井星的手,指向了之前第一关【信息茧房】的方向。
“如身处闹市,却无人与你共鸣。如群聊嗨翻,你却插不上一句话。如职场卖命,功劳却与你无关。”
“那种感觉,是‘我在这里,世界却看不见我’。那是一种,被世界抛弃的,酷刑。”
礼铁祝的瞳孔,猛地一缩。
我操!
这神棍,总结得到位啊!
这不就是他前半辈子最操蛋的体验吗?
身边全是人,但你感觉自己像个透明的。
那种感觉,比一个人待着,难受一万倍!
井星见众人有所领悟,话锋一转。
“而独处(solitude),是主动的,是选择的,是享受的。”
他的目光,转向了闻艺。
“如闻艺先生,在您的‘绝对静默’之中,他并未向外求援,而是向内探索,于方寸之间,奏响了一整个宇宙。”

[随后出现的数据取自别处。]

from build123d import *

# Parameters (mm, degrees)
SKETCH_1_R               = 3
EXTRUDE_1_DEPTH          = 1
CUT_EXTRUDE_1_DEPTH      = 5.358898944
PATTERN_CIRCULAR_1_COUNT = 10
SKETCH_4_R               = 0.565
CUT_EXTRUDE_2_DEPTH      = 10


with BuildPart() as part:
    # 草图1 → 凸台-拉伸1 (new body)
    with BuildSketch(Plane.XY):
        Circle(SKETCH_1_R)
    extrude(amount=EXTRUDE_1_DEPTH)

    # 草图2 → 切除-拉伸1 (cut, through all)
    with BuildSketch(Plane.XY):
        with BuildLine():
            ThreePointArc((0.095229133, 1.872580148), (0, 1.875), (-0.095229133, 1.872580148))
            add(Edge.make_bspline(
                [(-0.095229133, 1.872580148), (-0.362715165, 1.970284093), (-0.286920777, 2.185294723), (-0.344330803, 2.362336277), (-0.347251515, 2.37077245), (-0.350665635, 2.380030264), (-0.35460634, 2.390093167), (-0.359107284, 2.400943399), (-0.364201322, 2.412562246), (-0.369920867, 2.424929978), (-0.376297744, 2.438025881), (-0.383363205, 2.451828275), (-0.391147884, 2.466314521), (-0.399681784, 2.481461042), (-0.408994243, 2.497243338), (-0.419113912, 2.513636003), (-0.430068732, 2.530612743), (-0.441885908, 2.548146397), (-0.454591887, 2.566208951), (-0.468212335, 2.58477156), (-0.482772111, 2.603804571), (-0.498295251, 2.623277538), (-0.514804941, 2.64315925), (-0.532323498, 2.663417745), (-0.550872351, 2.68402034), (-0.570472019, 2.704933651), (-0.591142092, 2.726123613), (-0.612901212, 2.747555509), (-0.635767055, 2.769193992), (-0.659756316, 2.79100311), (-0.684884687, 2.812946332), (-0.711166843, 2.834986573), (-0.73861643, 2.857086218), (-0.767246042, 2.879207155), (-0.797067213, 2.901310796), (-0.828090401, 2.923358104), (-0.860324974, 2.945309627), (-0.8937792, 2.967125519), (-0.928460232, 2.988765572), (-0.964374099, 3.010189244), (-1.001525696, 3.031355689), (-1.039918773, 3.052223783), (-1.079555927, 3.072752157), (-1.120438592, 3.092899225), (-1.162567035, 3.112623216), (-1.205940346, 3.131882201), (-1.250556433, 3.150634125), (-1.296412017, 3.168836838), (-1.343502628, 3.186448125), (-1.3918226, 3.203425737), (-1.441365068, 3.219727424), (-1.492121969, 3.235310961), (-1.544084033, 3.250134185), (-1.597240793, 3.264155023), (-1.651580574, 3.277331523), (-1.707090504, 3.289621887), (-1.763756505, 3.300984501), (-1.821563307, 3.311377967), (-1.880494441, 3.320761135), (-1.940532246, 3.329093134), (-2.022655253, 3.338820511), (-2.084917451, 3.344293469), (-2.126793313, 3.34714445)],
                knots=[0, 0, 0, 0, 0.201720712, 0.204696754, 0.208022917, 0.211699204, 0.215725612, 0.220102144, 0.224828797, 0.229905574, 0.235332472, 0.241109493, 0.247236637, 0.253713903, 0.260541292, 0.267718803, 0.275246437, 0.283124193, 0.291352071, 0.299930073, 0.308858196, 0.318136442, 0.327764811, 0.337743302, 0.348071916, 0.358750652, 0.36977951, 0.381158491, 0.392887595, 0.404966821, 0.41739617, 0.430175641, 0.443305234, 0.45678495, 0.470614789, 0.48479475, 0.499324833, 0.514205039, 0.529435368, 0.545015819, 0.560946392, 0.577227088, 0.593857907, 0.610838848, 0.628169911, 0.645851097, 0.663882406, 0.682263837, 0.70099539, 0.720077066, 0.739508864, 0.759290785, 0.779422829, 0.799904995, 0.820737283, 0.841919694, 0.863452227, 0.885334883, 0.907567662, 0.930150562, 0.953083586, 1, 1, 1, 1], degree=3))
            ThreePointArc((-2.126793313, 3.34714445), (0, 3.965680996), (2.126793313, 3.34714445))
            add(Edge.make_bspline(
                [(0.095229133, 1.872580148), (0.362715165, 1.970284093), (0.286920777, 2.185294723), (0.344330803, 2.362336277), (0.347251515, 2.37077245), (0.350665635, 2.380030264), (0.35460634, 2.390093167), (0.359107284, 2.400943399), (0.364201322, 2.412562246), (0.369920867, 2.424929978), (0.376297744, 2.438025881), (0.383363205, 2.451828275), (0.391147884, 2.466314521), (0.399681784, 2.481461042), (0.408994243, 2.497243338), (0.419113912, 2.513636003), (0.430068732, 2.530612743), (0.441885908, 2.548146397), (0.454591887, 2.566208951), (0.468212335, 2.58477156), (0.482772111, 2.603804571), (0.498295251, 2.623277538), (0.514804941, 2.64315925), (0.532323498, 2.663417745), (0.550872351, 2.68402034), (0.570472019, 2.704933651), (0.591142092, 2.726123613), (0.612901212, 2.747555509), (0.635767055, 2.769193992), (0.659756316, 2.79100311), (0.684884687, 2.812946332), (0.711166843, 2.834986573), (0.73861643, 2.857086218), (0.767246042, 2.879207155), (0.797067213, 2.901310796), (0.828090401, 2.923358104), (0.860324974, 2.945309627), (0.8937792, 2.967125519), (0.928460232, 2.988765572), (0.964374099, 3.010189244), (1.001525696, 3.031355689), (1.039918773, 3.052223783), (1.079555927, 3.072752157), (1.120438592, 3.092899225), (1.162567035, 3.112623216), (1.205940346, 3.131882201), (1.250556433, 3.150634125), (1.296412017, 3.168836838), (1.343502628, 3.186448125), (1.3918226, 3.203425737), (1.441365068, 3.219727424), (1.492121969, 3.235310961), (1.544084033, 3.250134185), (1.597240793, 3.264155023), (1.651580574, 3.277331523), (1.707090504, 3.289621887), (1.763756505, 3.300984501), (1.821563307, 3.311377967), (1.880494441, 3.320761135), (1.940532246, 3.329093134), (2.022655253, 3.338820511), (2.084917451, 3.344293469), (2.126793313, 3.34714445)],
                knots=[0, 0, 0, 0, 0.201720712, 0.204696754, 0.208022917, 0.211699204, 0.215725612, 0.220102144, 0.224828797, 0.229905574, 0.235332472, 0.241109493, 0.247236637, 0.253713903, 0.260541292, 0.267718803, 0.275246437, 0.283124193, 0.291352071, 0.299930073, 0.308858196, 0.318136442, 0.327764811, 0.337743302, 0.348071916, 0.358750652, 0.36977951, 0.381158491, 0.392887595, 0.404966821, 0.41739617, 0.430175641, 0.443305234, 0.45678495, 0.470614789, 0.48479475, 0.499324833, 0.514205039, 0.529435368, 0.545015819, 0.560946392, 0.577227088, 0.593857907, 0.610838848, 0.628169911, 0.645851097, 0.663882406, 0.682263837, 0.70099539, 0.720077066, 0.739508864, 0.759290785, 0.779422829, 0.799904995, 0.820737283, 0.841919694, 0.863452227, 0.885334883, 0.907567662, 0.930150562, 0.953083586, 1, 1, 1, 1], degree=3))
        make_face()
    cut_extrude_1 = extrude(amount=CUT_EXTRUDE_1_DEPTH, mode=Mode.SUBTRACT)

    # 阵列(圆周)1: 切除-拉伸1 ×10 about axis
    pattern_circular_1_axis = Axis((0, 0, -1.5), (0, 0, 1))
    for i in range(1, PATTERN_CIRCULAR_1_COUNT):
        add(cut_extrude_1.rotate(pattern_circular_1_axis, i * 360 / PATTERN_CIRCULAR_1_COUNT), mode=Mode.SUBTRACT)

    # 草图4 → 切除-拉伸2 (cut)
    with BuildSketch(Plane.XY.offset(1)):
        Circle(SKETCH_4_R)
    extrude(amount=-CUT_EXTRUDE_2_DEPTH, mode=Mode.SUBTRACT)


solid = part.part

“那种感觉,是‘世界与我无关,但我拥有整个世界’。那是一种,与自己灵魂深度对话的,幸福。”
礼铁祝的脑子里,“轰”的一声。
他想起了自己。
下班之后,不想回家听老婆唠叨,不想跟朋友喝酒吹牛。
就想找个路边摊,点几串大腰子,来两瓶老雪花,一个人,慢慢悠悠地坐着,刷刷手机,看看来来往往的人。
那时候,他觉得自己挺失败,挺孤僻的。
可现在被井星这么一说
我操!
那他妈哪是孤僻啊!
那他妈是享受啊!
那是从“低质量的社交”里解脱出来,进行的一场“高质量的独处”啊!
那是一种境界啊!
礼铁祝感觉自己的人生,瞬间被拔高了几个档次。
原来我不是社恐,我是哲人啊!
井星的目光,最终,回到了孤家的身上。
他的眼神,第一次,带上了一丝,近乎狂热的,敬意。
“阁下,您弄错了。”
“您所拥有的,并非宇宙中最深沉的‘孤独’(lon ?? loneless)。”
“而是,宇宙中最至高的‘独处’(solitude)。”
“您是宇宙的第一个‘我’,第一个拥有自我意识的存在。在您之前,宇宙混沌一片,无我,无物,无别。”
“是您的‘独处’,才定义了‘存在’。是您的‘看见’,才赋予了宇宙‘被看见’的意义。”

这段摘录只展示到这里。